* [AIM OF THE TASK]:
Go through the data below. List every line that holds the word "Locations".

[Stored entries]

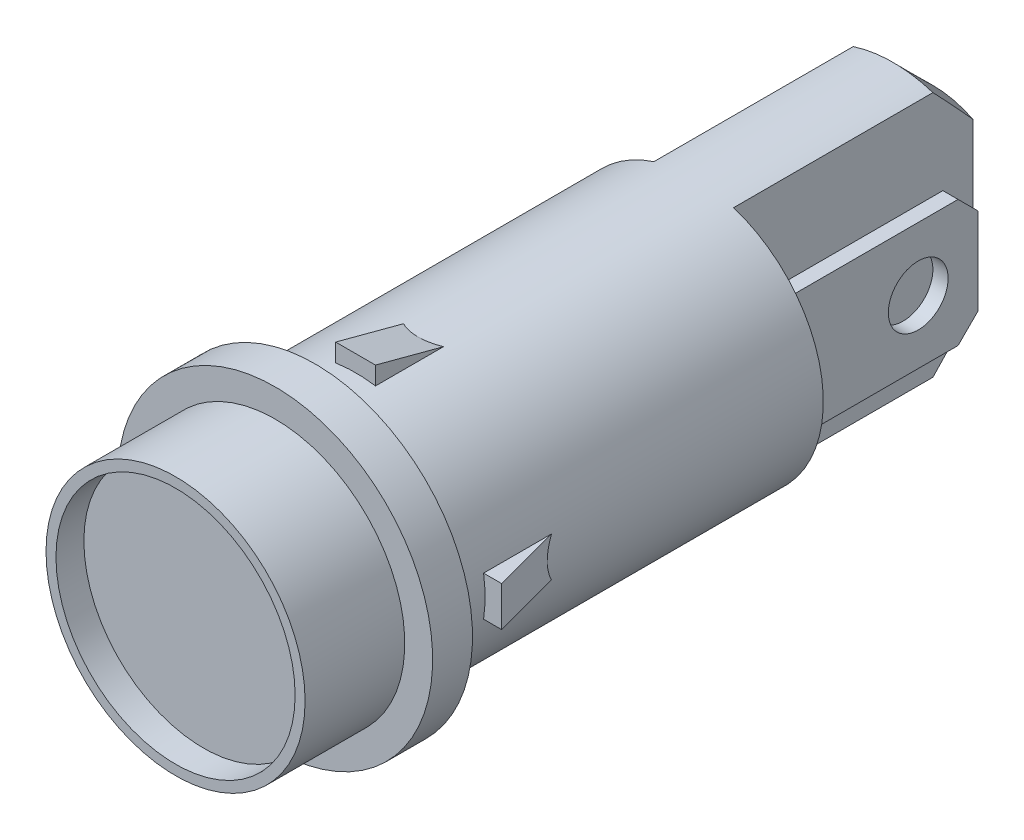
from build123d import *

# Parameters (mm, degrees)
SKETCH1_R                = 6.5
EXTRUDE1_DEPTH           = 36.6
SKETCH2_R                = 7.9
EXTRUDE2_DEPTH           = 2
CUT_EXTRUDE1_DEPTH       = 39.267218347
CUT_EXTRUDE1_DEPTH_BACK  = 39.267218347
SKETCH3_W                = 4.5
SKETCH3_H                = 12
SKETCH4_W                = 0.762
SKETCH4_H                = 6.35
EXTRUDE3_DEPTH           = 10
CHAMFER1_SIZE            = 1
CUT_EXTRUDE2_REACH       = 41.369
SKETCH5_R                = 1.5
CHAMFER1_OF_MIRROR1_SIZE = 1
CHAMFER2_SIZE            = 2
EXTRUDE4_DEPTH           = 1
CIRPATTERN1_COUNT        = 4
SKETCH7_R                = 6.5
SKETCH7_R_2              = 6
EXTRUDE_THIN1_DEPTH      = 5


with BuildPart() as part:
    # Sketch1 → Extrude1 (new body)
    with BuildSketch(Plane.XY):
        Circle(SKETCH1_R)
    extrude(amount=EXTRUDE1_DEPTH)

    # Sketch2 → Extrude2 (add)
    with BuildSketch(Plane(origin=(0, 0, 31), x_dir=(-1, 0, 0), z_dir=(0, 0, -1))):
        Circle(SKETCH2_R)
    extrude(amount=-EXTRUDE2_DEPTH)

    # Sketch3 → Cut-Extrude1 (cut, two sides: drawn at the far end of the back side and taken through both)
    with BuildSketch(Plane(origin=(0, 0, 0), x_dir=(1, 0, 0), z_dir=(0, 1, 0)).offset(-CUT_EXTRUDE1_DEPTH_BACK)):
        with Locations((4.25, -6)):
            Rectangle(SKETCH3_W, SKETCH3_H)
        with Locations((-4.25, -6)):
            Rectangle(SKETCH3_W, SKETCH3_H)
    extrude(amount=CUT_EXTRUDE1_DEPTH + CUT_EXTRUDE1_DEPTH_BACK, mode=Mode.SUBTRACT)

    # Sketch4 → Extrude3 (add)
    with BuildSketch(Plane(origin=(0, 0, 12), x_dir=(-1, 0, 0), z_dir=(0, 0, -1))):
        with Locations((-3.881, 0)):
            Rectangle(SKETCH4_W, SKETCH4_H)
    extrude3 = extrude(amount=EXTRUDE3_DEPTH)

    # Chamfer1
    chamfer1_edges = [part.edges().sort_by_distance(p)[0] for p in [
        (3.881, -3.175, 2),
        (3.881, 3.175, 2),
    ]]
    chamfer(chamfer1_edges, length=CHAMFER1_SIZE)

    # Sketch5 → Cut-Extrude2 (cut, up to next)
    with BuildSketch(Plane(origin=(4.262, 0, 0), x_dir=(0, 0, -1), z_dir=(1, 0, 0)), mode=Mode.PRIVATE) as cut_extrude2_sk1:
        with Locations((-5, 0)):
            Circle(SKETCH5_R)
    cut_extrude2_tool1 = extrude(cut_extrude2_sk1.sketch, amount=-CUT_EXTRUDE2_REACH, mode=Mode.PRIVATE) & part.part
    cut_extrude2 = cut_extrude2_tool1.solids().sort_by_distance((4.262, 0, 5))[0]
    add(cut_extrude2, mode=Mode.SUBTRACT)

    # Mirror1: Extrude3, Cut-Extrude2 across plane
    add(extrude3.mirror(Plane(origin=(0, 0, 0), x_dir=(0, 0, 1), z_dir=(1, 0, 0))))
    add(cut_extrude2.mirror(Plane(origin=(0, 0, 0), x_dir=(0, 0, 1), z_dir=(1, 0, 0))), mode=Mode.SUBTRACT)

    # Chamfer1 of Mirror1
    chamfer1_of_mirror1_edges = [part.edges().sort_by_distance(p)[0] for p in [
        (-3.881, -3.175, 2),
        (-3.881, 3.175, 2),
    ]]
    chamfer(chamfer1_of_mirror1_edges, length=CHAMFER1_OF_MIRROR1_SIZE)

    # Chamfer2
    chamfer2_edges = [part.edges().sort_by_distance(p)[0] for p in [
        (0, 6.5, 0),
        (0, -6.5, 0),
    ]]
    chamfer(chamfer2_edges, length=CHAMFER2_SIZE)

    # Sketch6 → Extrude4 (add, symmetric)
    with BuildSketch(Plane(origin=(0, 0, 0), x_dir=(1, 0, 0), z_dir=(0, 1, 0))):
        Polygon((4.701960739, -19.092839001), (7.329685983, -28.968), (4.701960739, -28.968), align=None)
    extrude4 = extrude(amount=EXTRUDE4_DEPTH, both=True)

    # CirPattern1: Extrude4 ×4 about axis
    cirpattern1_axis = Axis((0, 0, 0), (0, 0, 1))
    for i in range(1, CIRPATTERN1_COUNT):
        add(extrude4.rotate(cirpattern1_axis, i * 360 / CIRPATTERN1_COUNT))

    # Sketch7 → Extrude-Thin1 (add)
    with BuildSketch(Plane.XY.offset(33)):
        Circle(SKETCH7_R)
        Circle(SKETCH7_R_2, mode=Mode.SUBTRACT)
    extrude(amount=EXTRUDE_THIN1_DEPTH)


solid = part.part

* [ANSWER]:
        with Locations((4.25, -6)):
        with Locations((-4.25, -6)):
        with Locations((-3.881, 0)):
        with Locations((-5, 0)):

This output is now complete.